50th Mathematical Olympiad in Ukraine, Fourth Round (March 24, 2010)

It is obvious, that we can not find number with given property and three digits. Suppose, that it has 4 digits: $abcd$, then we can construct 10 different sums of consecutive digits, more precisely: $a$, $b$, $c$, $d$, $a+b$, $b+c$, $c+d$, $a+b+c$, $b+c+d$, $a+b+c+d$. To satisfy the conditions of the problem these 10 sums have to be distinct. Hence, all digits have to be distinct either, and their sum equals 10. We have only one option: 1, 2, 3, 4. But, in order to get 9 as a sum, 1 should be the last or the first digit of our number. In the same way, to represent 8 as a sum of consecutive digits, 2 should be the first or the last digit. Therefore, we have 4 options: 1342, 1432, 2341, 2431. However, for first and fourth numbers we can not get 5 as a sum of consecutive digits, for second and third - 6.

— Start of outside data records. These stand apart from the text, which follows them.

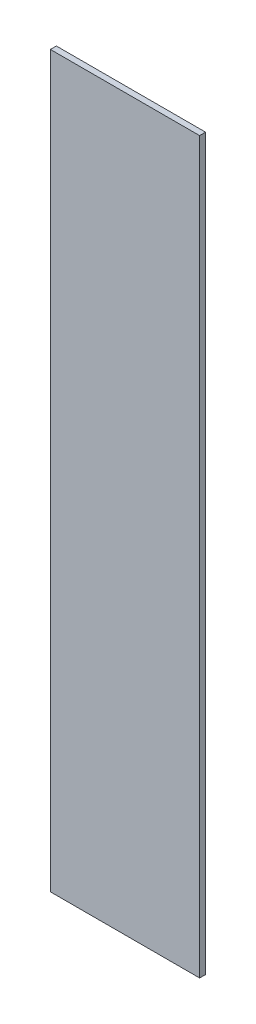
ISO-10303-21;
HEADER;
FILE_DESCRIPTION(('STEP AP214'),'2;1');
FILE_NAME('part.step','',(''),(''),'','','');
FILE_SCHEMA(('AUTOMOTIVE_DESIGN { 1 0 10303 214 1 1 1 1 }'));
ENDSEC;
DATA;
#1=APPLICATION_CONTEXT('core data for automotive mechanical design processes');
#2=APPLICATION_PROTOCOL_DEFINITION('international standard','automotive_design',2000,#1);
#3=PRODUCT_CONTEXT('',#1,'mechanical');
#4=PRODUCT('Part','Part','',(#3));
#5=PRODUCT_RELATED_PRODUCT_CATEGORY('part','',(#4));
#6=PRODUCT_DEFINITION_FORMATION('','',#4);
#7=PRODUCT_DEFINITION_CONTEXT('part definition',#1,'design');
#8=PRODUCT_DEFINITION('design','',#6,#7);
#9=PRODUCT_DEFINITION_SHAPE('','',#8);
#10=(LENGTH_UNIT() NAMED_UNIT(*) SI_UNIT(.MILLI.,.METRE.));
#11=(NAMED_UNIT(*) PLANE_ANGLE_UNIT() SI_UNIT($,.RADIAN.));
#12=(NAMED_UNIT(*) SI_UNIT($,.STERADIAN.) SOLID_ANGLE_UNIT());
#13=UNCERTAINTY_MEASURE_WITH_UNIT(LENGTH_MEASURE(1.E-05),#10,'distance_accuracy_value','');
#14=(GEOMETRIC_REPRESENTATION_CONTEXT(3) GLOBAL_UNCERTAINTY_ASSIGNED_CONTEXT((#13)) GLOBAL_UNIT_ASSIGNED_CONTEXT((#10,
#11,#12)) REPRESENTATION_CONTEXT('',''));
#15=CARTESIAN_POINT('',(0.,0.,0.));
#16=DIRECTION('',(0.,0.,1.));
#17=DIRECTION('',(1.,0.,0.));
#18=AXIS2_PLACEMENT_3D('',#15,#16,#17);
#19=CARTESIAN_POINT('',(0.,0.,18.));
#20=DIRECTION('',(1.,0.,0.));
#21=DIRECTION('',(0.,0.,-1.));
#22=AXIS2_PLACEMENT_3D('',#19,#20,#21);
#23=PLANE('',#22);
#24=DIRECTION('',(0.,-1.,0.));
#25=VECTOR('',#24,1.);
#26=CARTESIAN_POINT('',(0.,0.,0.));
#27=LINE('',#26,#25);
#28=CARTESIAN_POINT('',(0.,2200.,0.));
#29=VERTEX_POINT('',#28);
#30=CARTESIAN_POINT('',(0.,0.,0.));
#31=VERTEX_POINT('',#30);
#32=EDGE_CURVE('E96',#29,#31,#27,.T.);
#33=ORIENTED_EDGE('',*,*,#32,.T.);
#34=DIRECTION('',(0.,0.,-1.));
#35=VECTOR('',#34,1.);
#36=CARTESIAN_POINT('',(0.,0.,18.));
#37=LINE('',#36,#35);
#38=CARTESIAN_POINT('',(0.,0.,18.));
#39=VERTEX_POINT('',#38);
#40=EDGE_CURVE('E11',#39,#31,#37,.T.);
#41=ORIENTED_EDGE('',*,*,#40,.F.);
#42=DIRECTION('',(0.,-1.,0.));
#43=VECTOR('',#42,1.);
#44=CARTESIAN_POINT('',(0.,0.,18.));
#45=LINE('',#44,#43);
#46=CARTESIAN_POINT('',(0.,2200.,18.));
#47=VERTEX_POINT('',#46);
#48=EDGE_CURVE('E84',#47,#39,#45,.T.);
#49=ORIENTED_EDGE('',*,*,#48,.F.);
#50=DIRECTION('',(0.,0.,-1.));
#51=VECTOR('',#50,1.);
#52=CARTESIAN_POINT('',(0.,2200.,18.));
#53=LINE('',#52,#51);
#54=EDGE_CURVE('E92',#47,#29,#53,.T.);
#55=ORIENTED_EDGE('',*,*,#54,.T.);
#56=EDGE_LOOP('',(#33,#41,#49,#55));
#57=FACE_BOUND('',#56,.T.);
#58=ADVANCED_FACE('F33',(#57),#23,.F.);
#59=CARTESIAN_POINT('',(0.,0.,18.));
#60=DIRECTION('',(0.,1.,0.));
#61=DIRECTION('',(0.,0.,1.));
#62=AXIS2_PLACEMENT_3D('',#59,#60,#61);
#63=PLANE('',#62);
#64=DIRECTION('',(1.,0.,0.));
#65=VECTOR('',#64,1.);
#66=CARTESIAN_POINT('',(0.,0.,0.));
#67=LINE('',#66,#65);
#68=CARTESIAN_POINT('',(450.,0.,0.));
#69=VERTEX_POINT('',#68);
#70=EDGE_CURVE('E88',#31,#69,#67,.T.);
#71=ORIENTED_EDGE('',*,*,#70,.T.);
#72=DIRECTION('',(0.,0.,-1.));
#73=VECTOR('',#72,1.);
#74=CARTESIAN_POINT('',(450.,0.,18.));
#75=LINE('',#74,#73);
#76=CARTESIAN_POINT('',(450.,0.,18.));
#77=VERTEX_POINT('',#76);
#78=EDGE_CURVE('E41',#77,#69,#75,.T.);
#79=ORIENTED_EDGE('',*,*,#78,.F.);
#80=DIRECTION('',(1.,0.,0.));
#81=VECTOR('',#80,1.);
#82=CARTESIAN_POINT('',(0.,0.,18.));
#83=LINE('',#82,#81);
#84=EDGE_CURVE('E79',#39,#77,#83,.T.);
#85=ORIENTED_EDGE('',*,*,#84,.F.);
#86=ORIENTED_EDGE('',*,*,#40,.T.);
#87=EDGE_LOOP('',(#71,#79,#85,#86));
#88=FACE_BOUND('',#87,.T.);
#89=ADVANCED_FACE('F87',(#88),#63,.F.);
#90=CARTESIAN_POINT('',(450.,0.,18.));
#91=DIRECTION('',(-1.,0.,0.));
#92=DIRECTION('',(0.,0.,1.));
#93=AXIS2_PLACEMENT_3D('',#90,#91,#92);
#94=PLANE('',#93);
#95=DIRECTION('',(0.,1.,0.));
#96=VECTOR('',#95,1.);
#97=CARTESIAN_POINT('',(450.,0.,0.));
#98=LINE('',#97,#96);
#99=CARTESIAN_POINT('',(450.,2200.,0.));
#100=VERTEX_POINT('',#99);
#101=EDGE_CURVE('E66',#69,#100,#98,.T.);
#102=ORIENTED_EDGE('',*,*,#101,.T.);
#103=DIRECTION('',(0.,0.,-1.));
#104=VECTOR('',#103,1.);
#105=CARTESIAN_POINT('',(450.,2200.,18.));
#106=LINE('',#105,#104);
#107=CARTESIAN_POINT('',(450.,2200.,18.));
#108=VERTEX_POINT('',#107);
#109=EDGE_CURVE('E89',#108,#100,#106,.T.);
#110=ORIENTED_EDGE('',*,*,#109,.F.);
#111=DIRECTION('',(0.,1.,0.));
#112=VECTOR('',#111,1.);
#113=CARTESIAN_POINT('',(450.,0.,18.));
#114=LINE('',#113,#112);
#115=EDGE_CURVE('E82',#77,#108,#114,.T.);
#116=ORIENTED_EDGE('',*,*,#115,.F.);
#117=ORIENTED_EDGE('',*,*,#78,.T.);
#118=EDGE_LOOP('',(#102,#110,#116,#117));
#119=FACE_BOUND('',#118,.T.);
#120=ADVANCED_FACE('F90',(#119),#94,.F.);
#121=CARTESIAN_POINT('',(0.,2200.,18.));
#122=DIRECTION('',(0.,-1.,0.));
#123=DIRECTION('',(0.,0.,-1.));
#124=AXIS2_PLACEMENT_3D('',#121,#122,#123);
#125=PLANE('',#124);
#126=DIRECTION('',(-1.,0.,0.));
#127=VECTOR('',#126,1.);
#128=CARTESIAN_POINT('',(0.,2200.,0.));
#129=LINE('',#128,#127);
#130=EDGE_CURVE('E72',#100,#29,#129,.T.);
#131=ORIENTED_EDGE('',*,*,#130,.T.);
#132=ORIENTED_EDGE('',*,*,#54,.F.);
#133=DIRECTION('',(-1.,0.,0.));
#134=VECTOR('',#133,1.);
#135=CARTESIAN_POINT('',(0.,2200.,18.));
#136=LINE('',#135,#134);
#137=EDGE_CURVE('E49',#108,#47,#136,.T.);
#138=ORIENTED_EDGE('',*,*,#137,.F.);
#139=ORIENTED_EDGE('',*,*,#109,.T.);
#140=EDGE_LOOP('',(#131,#132,#138,#139));
#141=FACE_BOUND('',#140,.T.);
#142=ADVANCED_FACE('F103',(#141),#125,.F.);
#143=CARTESIAN_POINT('',(0.,0.,18.));
#144=DIRECTION('',(0.,0.,-1.));
#145=DIRECTION('',(-1.,0.,0.));
#146=AXIS2_PLACEMENT_3D('',#143,#144,#145);
#147=PLANE('',#146);
#148=ORIENTED_EDGE('',*,*,#48,.T.);
#149=ORIENTED_EDGE('',*,*,#84,.T.);
#150=ORIENTED_EDGE('',*,*,#115,.T.);
#151=ORIENTED_EDGE('',*,*,#137,.T.);
#152=EDGE_LOOP('',(#148,#149,#150,#151));
#153=FACE_BOUND('',#152,.T.);
#154=ADVANCED_FACE('F80',(#153),#147,.F.);
#155=CARTESIAN_POINT('',(0.,0.,0.));
#156=DIRECTION('',(0.,0.,-1.));
#157=DIRECTION('',(-1.,0.,0.));
#158=AXIS2_PLACEMENT_3D('',#155,#156,#157);
#159=PLANE('',#158);
#160=ORIENTED_EDGE('',*,*,#32,.F.);
#161=ORIENTED_EDGE('',*,*,#130,.F.);
#162=ORIENTED_EDGE('',*,*,#101,.F.);
#163=ORIENTED_EDGE('',*,*,#70,.F.);
#164=EDGE_LOOP('',(#160,#161,#162,#163));
#165=FACE_BOUND('',#164,.T.);
#166=ADVANCED_FACE('F106',(#165),#159,.T.);
#167=CLOSED_SHELL('',(#58,#89,#120,#142,#154,#166));
#168=MANIFOLD_SOLID_BREP('B2',#167);
#169=ADVANCED_BREP_SHAPE_REPRESENTATION('',(#18,#168),#14);
#170=SHAPE_DEFINITION_REPRESENTATION(#9,#169);
ENDSEC;
END-ISO-10303-21;

Hence, the least possible number of digits is at least 5. Our number can not start with 1111, because, in order to get 10 as a sum, we have the following options: 11116, 11117, 11118, 11119, but we can not express 5 then. Following the same lines, if our number starts with 1112, then we have the following options - 11125, 11126, 11127, 11128, 11129. But we can not express 5 (except second number) and 6 for second number. Therefore, our minimal number starts with 1113 at least. Numbers 11131, 11132, 11133 do not give us 10 as a sum, and 11134 meets all the requirements.